# Removing a Jacobs 633C chuck?



## opalko (Feb 2, 2010)

Howdy all. I have an vintage 1970's Craftsman drill press that has a fair amount of run-out in it. I'd like to remove the Jacob's 633C chuck to clean and just verify it is not the chuck. Unfortuanately Sears no longer makes the quill / spindle assembly available to buy if I had to replace all that.

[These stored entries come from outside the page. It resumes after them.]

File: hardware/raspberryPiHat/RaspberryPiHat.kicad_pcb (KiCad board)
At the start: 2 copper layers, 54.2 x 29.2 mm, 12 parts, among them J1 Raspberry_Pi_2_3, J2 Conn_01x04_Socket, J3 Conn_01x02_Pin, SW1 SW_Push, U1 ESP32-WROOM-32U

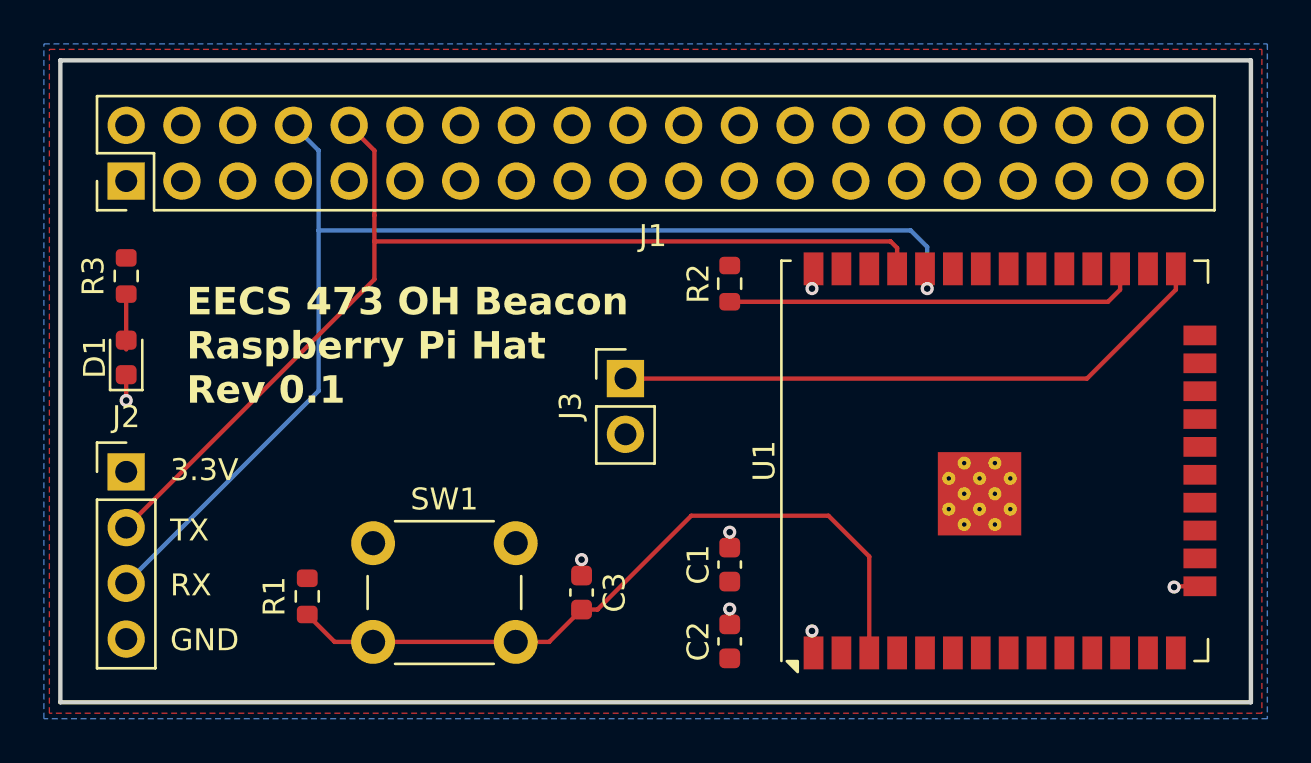
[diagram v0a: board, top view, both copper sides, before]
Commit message: updated rpi
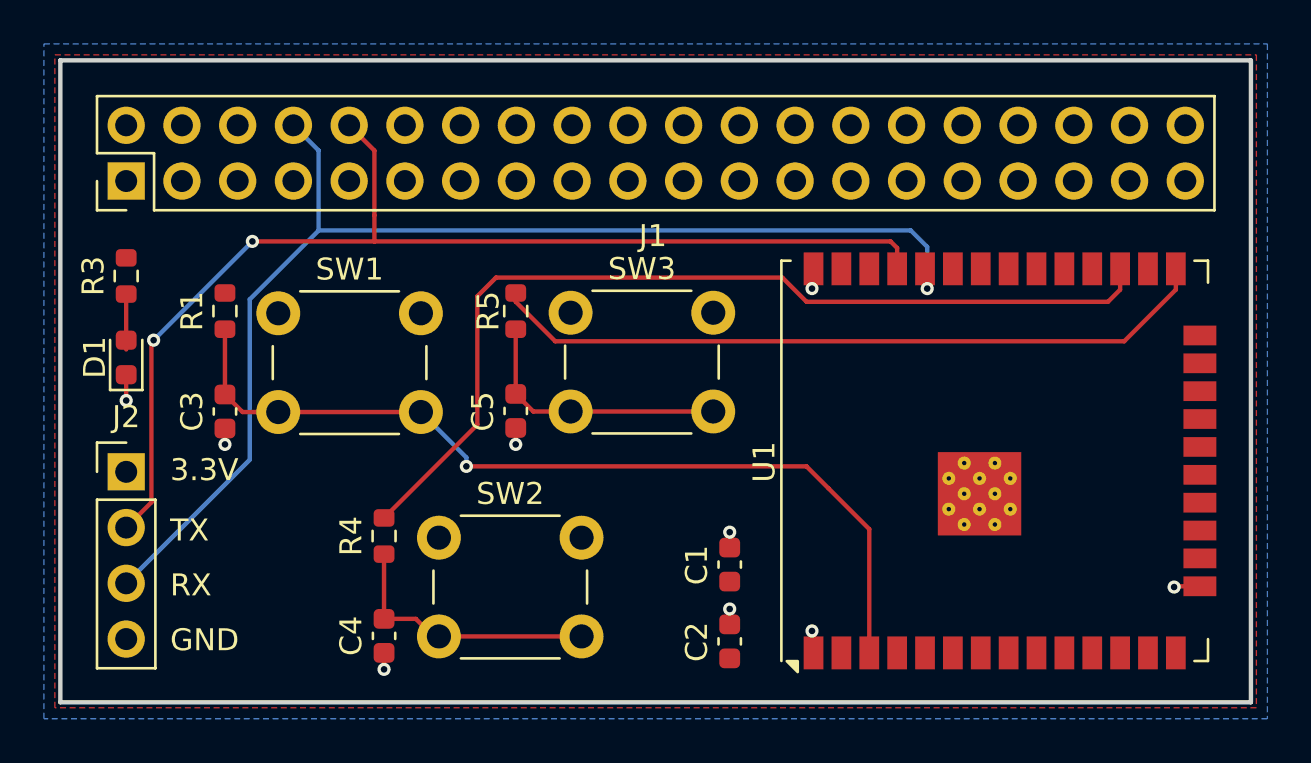
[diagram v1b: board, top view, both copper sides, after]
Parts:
- removed J3: Conn_01x02_Pin, Connector_PinHeader_2.54mm:PinHeader_1x02_P2.54mm_Vertical
- removed R2: 10k, Resistor_SMD:R_0603_1608Metric
- added C4: 0.1uF, Capacitor_SMD:C_0603_1608Metric, F.Cu at (159.8, 113.0)
- added C5: 0.1uF, Capacitor_SMD:C_0603_1608Metric, F.Cu at (165.8, 102.7)
- added R4: 10k, Resistor_SMD:R_0603_1608Metric, F.Cu at (159.8, 108.4)
- added R5: 10k, Resistor_SMD:R_0603_1608Metric, F.Cu at (165.8, 98.2)
- added SW2: SW_Push, Button_Switch_THT:SW_PUSH_6mm, F.Cu at (162.2, 108.5)
- added SW3: SW_Push, Button_Switch_THT:SW_PUSH_6mm, F.Cu at (168.2, 98.2)
- SW1: footprint Buttons_Switches_THT.pretty-master:SW_PUSH_6mm -> Button_Switch_THT:SW_PUSH_6mm
- moved C3 18.2 mm to (152.5, 102.8), turned to -90 degrees
- moved R1 13.5 mm to (152.5, 98.2)
- moved SW1 11.3 mm to (154.9, 98.3)
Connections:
- U1 pad 27: Net-(U1-IO16) -> /MODE
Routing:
- net /MODE: track 0.00 -> 43.1 mm
- net Net-(U1-IO16): track 19.0 -> 0.00 mm
- net Net-(C5-Pad1): track 0.00 -> 12.3 mm
- net Net-(C4-Pad1): track 0.00 -> 12.3 mm
- net Net-(U1-EN): track 33.7 -> 40.8 mm, vias 0 -> 1
- net /IO0: track 27.7 -> 33.1 mm
- net /TXD0: track 48.4 -> 51.9 mm, vias 0 -> 2
- net GND: track 6.02 -> 7.52 mm, vias 7 -> 9
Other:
- board text removed: "EECS 473 OH Beacon Raspberry Pi Hat Rev 0.1"
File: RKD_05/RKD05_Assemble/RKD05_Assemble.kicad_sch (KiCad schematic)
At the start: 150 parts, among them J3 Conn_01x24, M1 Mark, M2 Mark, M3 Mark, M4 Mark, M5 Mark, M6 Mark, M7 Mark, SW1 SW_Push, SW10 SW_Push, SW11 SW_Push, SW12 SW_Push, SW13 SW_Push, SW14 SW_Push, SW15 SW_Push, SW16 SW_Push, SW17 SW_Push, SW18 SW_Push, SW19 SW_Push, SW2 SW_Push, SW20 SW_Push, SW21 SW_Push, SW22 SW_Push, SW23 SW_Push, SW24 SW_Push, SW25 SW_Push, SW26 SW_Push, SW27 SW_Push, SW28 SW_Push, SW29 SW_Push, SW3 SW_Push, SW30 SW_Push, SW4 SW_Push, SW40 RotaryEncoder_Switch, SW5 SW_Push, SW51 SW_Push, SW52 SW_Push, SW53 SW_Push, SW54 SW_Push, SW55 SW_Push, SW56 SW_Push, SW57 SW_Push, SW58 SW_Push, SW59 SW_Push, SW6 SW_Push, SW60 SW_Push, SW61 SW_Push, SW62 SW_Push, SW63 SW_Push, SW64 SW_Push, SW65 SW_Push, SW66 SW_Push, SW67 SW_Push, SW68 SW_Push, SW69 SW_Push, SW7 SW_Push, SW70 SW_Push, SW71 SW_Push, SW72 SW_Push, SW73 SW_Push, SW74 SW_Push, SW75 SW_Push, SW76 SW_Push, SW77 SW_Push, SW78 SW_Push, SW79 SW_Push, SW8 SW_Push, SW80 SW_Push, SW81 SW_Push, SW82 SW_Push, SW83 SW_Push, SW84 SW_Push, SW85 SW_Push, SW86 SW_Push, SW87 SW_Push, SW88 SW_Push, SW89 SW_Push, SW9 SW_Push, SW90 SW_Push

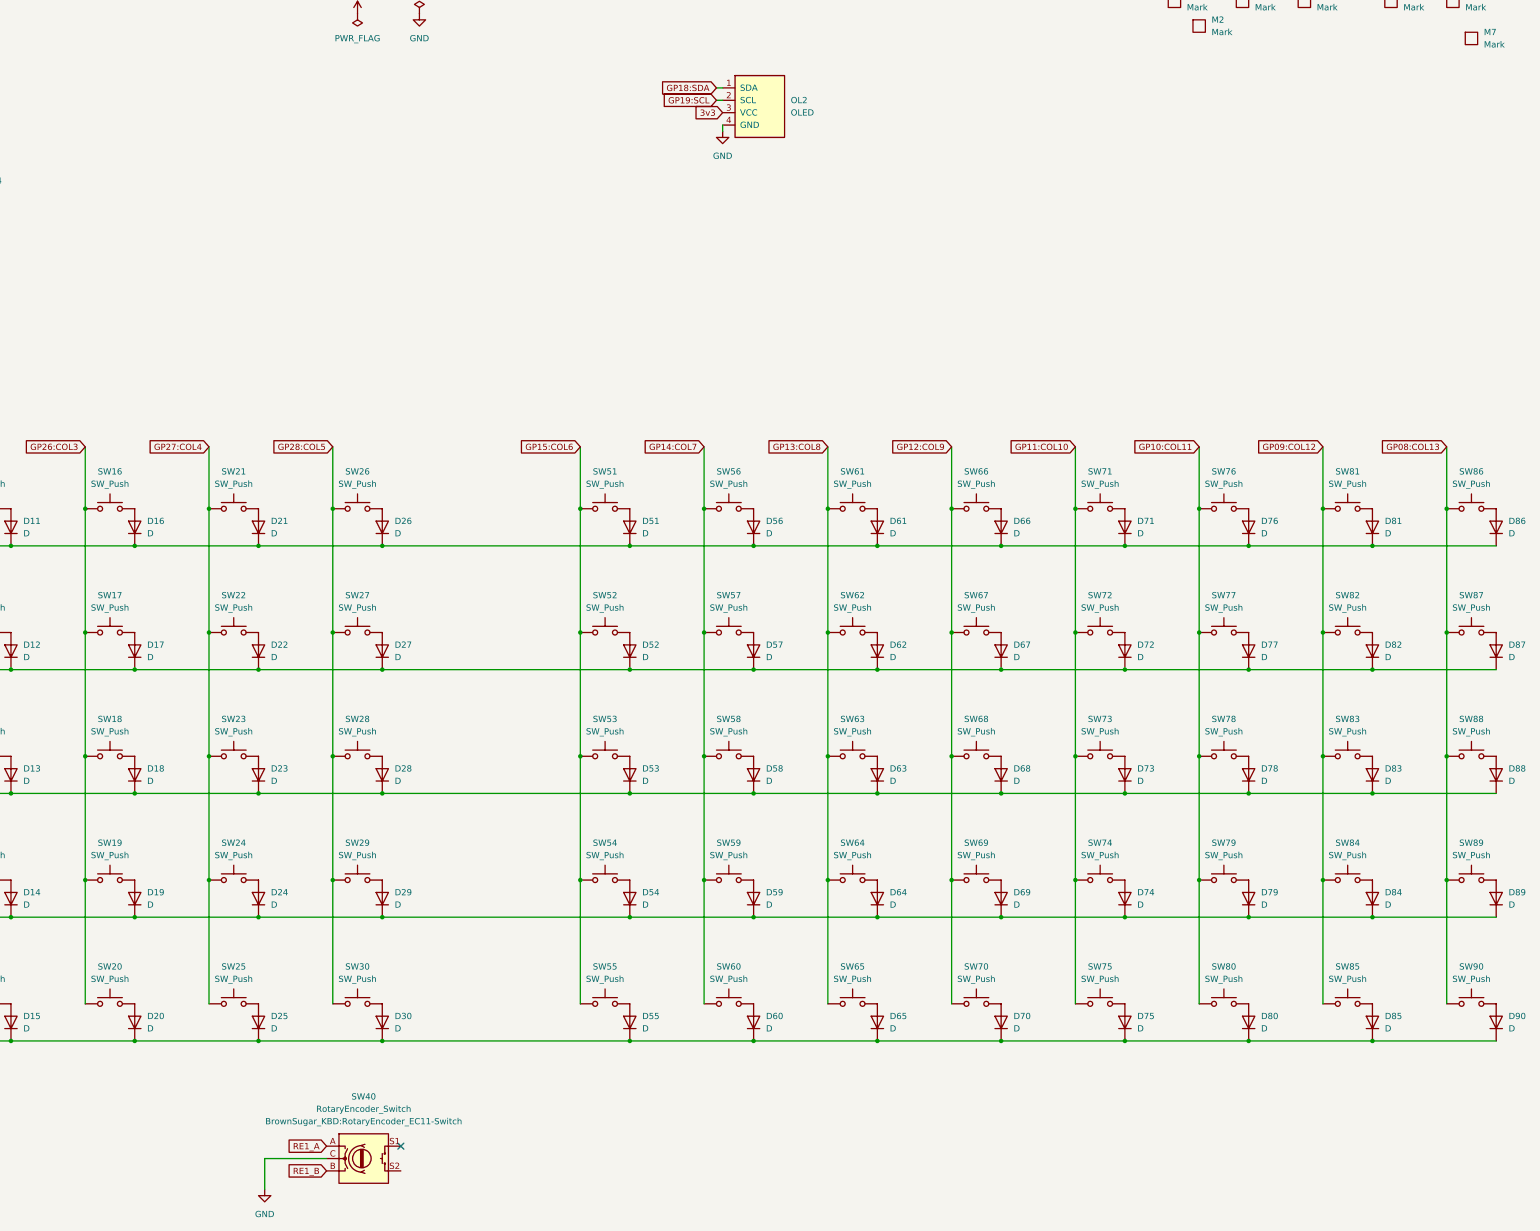
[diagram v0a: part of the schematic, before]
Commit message: RKD05　RE用PIN追加
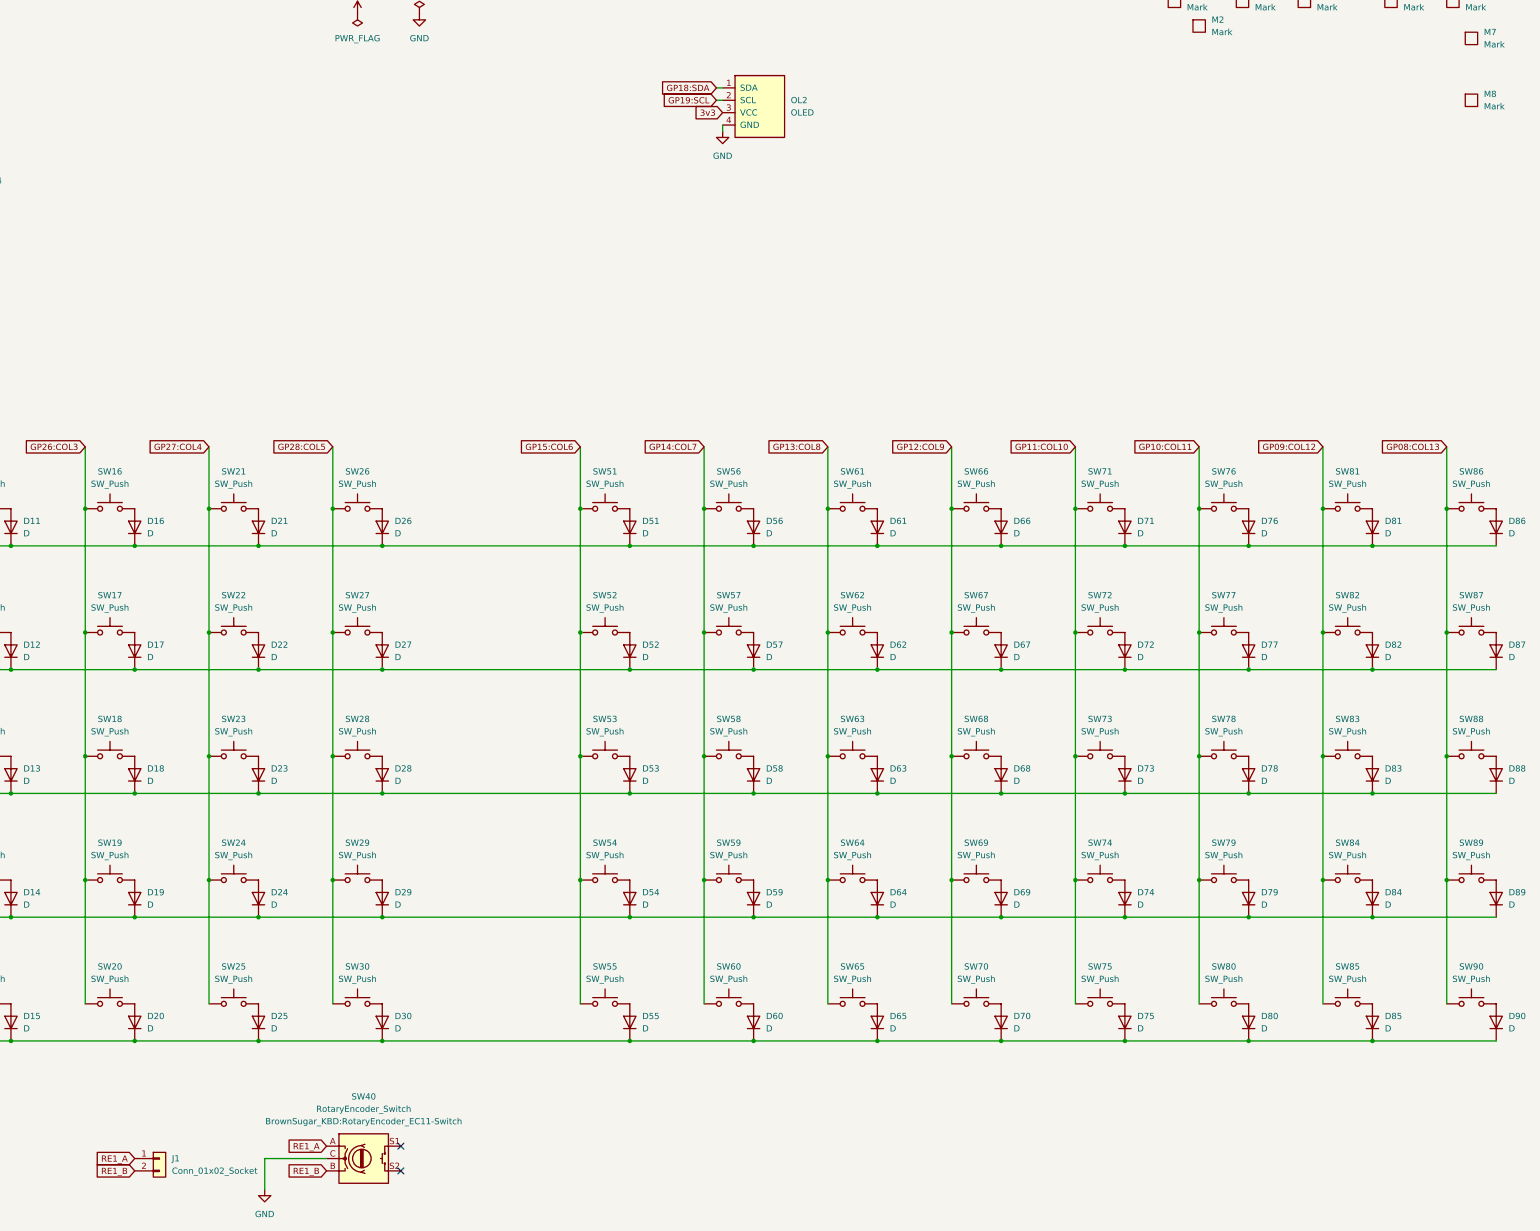
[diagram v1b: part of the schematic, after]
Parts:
- added J1: Conn_01x02_Socket, Connector_PinHeader_2.54mm:PinHeader_1x02_P2.54mm_Horizontal, symbol Connector_Generic:Conn_01x02
- added M8: Mark, Rikkodo_FootPrint:rkd_LOGO_2x, symbol BrownSugar_KBD:Mark
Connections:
- net RE1_A: now also J1.1 (Pin_1)
- net RE1_B: now also J1.2 (Pin_2)
- no-connect marks 1 -> 2
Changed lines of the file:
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@@
 	)
 	(no_connect
+		(at 173.99 262.89)
+	)
+	(no_connect
 		(at 173.99 257.81)
 	)
@@
 		)
 	)
+	(global_label "RE1_B"
+		(shape input)
+		(at 119.38 262.89 180)
+		(fields_autoplaced yes)
+		(effects
+			(font
+				(size 1.27 1.27)
+			)
+			(justify right)
+		)
+		(property "Intersheetrefs" "${INTERSHEET_REFS}"
+			(at 110.5287 262.89 0)
+			(effects
+				(font
+					(size 1.27 1.27)
+				)
+				(justify right)
+				(hide yes)
+			)
+		)
+	)
 	(global_label "GP15:COL6"
 		(shape input)
@@
 		)
 	)
+	(global_label "RE1_A"
+		(shape input)
+		(at 119.38 260.35 180)
+		(fields_autoplaced yes)
+		(effects
+			(font
+				(size 1.27 1.27)
+			)
+			(justify right)
+		)
+		(property "Intersheetrefs" "${INTERSHEET_REFS}"
+			(at 110.7101 260.35 0)
+			(effects
+				(font
+					(size 1.27 1.27)
+				)
+				(justify right)
+				(hide yes)
+			)
+		)
+	)
 	(global_label "GP20:ROW2"
 		(shape input)
@@
 	)
 	(symbol
+		(lib_id "BrownSugar_KBD:Mark")
+		(at 393.7 43.18 0)
+		(unit 1)
+		(exclude_from_sim no)
+		(in_bom yes)
+		(on_board yes)
+		(dnp no)
+		(fields_autoplaced yes)
+		(property "Reference" "M8"
+			(at 396.24 41.9099 0)
+			(effects
+				(font
+					(size 1.27 1.27)
+				)
+				(justify left)
+			)
+		)
+		(property "Value" "Mark"
+			(at 396.24 44.4499 0)
+			(effects
+				(font
+					(size 1.27 1.27)
+				)
+				(justify left)
+			)
+		)
+		(property "Footprint" "Rikkodo_FootPrint:rkd_LOGO_2x"
+			(at 393.7 43.18 0)
+			(effects
+				(font
+					(size 1.27 1.27)
+				)
+				(hide yes)
+			)
+		)
+		(property "Datasheet" ""
+			(at 393.7 43.18 0)
+			(effects
+				(font
+					(size 1.27 1.27)
+				)
+				(hide yes)
+			)
+		)
+		(property "Description" ""
+			(at 393.7 43.18 0)
+			(effects
+				(font
+					(size 1.27 1.27)
+				)
+				(hide yes)
+			)
+		)
+		(instances
+			(project "RKD05_Assemble"
+				(path "/01a859e0-5a12-4534-b9e3-6128f69eb8fc"
+					(reference "M8")
+					(unit 1)
+				)
+			)
+		)
+	)
+	(symbol
 		(lib_id "Switch:SW_Push")
 		(at 165.1 228.6 0)
@@
 					(unit 1)
 				)
+			)
+		)
+	)
+	(symbol
+		(lib_id "Connector_Generic:Conn_01x02")
+		(at 124.46 260.35 0)
+		(unit 1)
+		(exclude_from_sim no)
+		(in_bom yes)
+		(on_board yes)
+		(dnp no)
+		(fields_autoplaced yes)
+		(property "Reference" "J1"
+			(at 127 260.3499 0)
+			(effects
+				(font
+					(size 1.27 1.27)
+				)
+				(justify left)
+			)
+		)
+		(property "Value" "Conn_01x02_Socket"
+			(at 127 262.8899 0)
+			(effects
+				(font
+					(size 1.27 1.27)
+				)
+				(justify left)
+			)
+		)
+		(property "Footprint" "Connector_PinHeader_2.54mm:PinHeader_1x02_P2.54mm_Horizontal"
+			(at 124.46 260.35 0)
+			(effects
+				(font
+					(size 1.27 1.27)
+				)
+				(hide yes)
+			)
+		)
+		(property "Datasheet" "~"
+			(at 124.46 260.35 0)
+			(effects
+				(font
+					(size 1.27 1.27)
+				)
+				(hide yes)
+			)
+		)
+		(property "Description" "Generic connector, single row, 01x02, script generated (kicad-library-utils/schlib/autogen/connector/)"
+			(at 124.46 260.35 0)
+			(effects
+				(font
+					(size 1.27 1.27)
+				)
+				(hide yes)
+			)
+		)
+		(pin "1"
+		)
+		(pin "2"
+		)
+		(instances
+			(project ""
+				(path "/01a859e0-5a12-4534-b9e3-6128f69eb8fc"
+					(reference "J1")
+					(unit 1)
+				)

So my question is how do you get this chuck off? I have the instruction manual scanned in here:

http://opalko.smugmug.com/Machines/Craftsman-Drill-Press/15641197fKUHQ#11720442658iJBy

but for the life of me I cannot get the thing off following these instructions. It appears to be threaded on the end fo the spindle as shown in the parts diagram, but even using a pipe wrench I cannot get it to turn.

Any ideas?
Cheers


----------



## Hewy (Jan 16, 2011)

I have the same drill Press you have, when I read your post I tried to remove my chuck using your 
manual's instructions ( it has never been removed before). The chuck is held on with a self locking
taper, the collar is used only to break this fit loose, the chuck itself has no threads. My collar was also 
very tight. I used a pin punch held at an angle to one of collar holes and gave the punch a couple of 
taps with a hammer, you must hit it towards the left when looking at the machine from the front
(clock wise) The collar broke loose and turned easliy until it got to the top of the chuck where it needed
a couple more taps to break the taper loose .The chuck was then off.
I hope this will help you


----------



## oluf (Jan 29, 2010)

Put on safety glasses before you start. Take the largest allen wrench you have and chuch it up with the long end off to the side of the chuck. Strike the end of the allen wrench as hard as you can from right to left. Good luck.


----------



## opalko (Feb 2, 2010)

Thanks for the help…Ok, I managed to break the collar free to unthread, but now I am having a heck of a time getting the chuck off the taper. I've whacked the top of it many, many times with a pin punch, denting it up pretty good but still no luck removing it. In fact I managed to knock to slip collar off the bottom of the chuck - I guess it's supposed to come off?! Do I need to put a torch on this thing to heat it up to knock it off, or just keep whacking the top with a pin punch?!


----------



## Hewy (Jan 16, 2011)

I'am looking at my chuck now. The only thing that holds the chuck on is the self locking taper,I would screw 
the collar back on to the threads only not all the way up.Then drive a wedge between the chuck top and collar to pop the taper loose. Jacobs makes some wedges for this you drive 1 in fom each side. Maybe you can use 2 screwdrivers one from each side. You need the wedge force to break it loose.


----------



## opalko (Feb 2, 2010)

Still working on trying to get chuck off. Looking around to some friends that have shops for some sort of wedge to break the chuck free.


----------



## opalko (Feb 2, 2010)

Have chuck off!
http://opalko.smugmug.com/Machines/C...74366446_MEkJL
Measured run-out on spindle w/o chuck, not nearly as much. So..now what? Do I need a new chuck? Also, not sure if I damaged chuck getting it off, seems to be very hard to open/close now.

Cheers


----------



## Hewy (Jan 16, 2011)

Glad to hear you finaly got your chuck off. If the spindle run-out is ok (up to .003 total indicator reading) I would get a replacement chuck. I don't think you will be able to find new parts for your Jacobs 633c as it is
so old. The replacement chucks you find now will not have the screw on collar like your original chuck. They
use only the self locking taper to hold them on. The taper you will need on your new chuck has to be
a JT-33 to fit your original spindle taper. If you look at your old chuck you will see 33 taper stamped on it
this tells you what the taper is.
I hope this helps you


----------



## Hennessy (Apr 7, 2011)

Opalko - can you describe exactly how you got the chuck off? I have the same chuck stuck on a Craftsman 113.21371 press and the run-out is horrible. If I try to force the chuck off by turning the collar down it just gets stuck against the chuck and the chuck doesn't budge.


----------



## opalko (Feb 2, 2010)

@Hennessy - As you are experiencing, I had a very difficult time removing the chuck. Though the threaded collar will work to remove the chuck once you have it off and back on a couple of times, the initial removal after decades of being on there did not help mine either. Make sure you are threading it "down" towards the chuck, in any case.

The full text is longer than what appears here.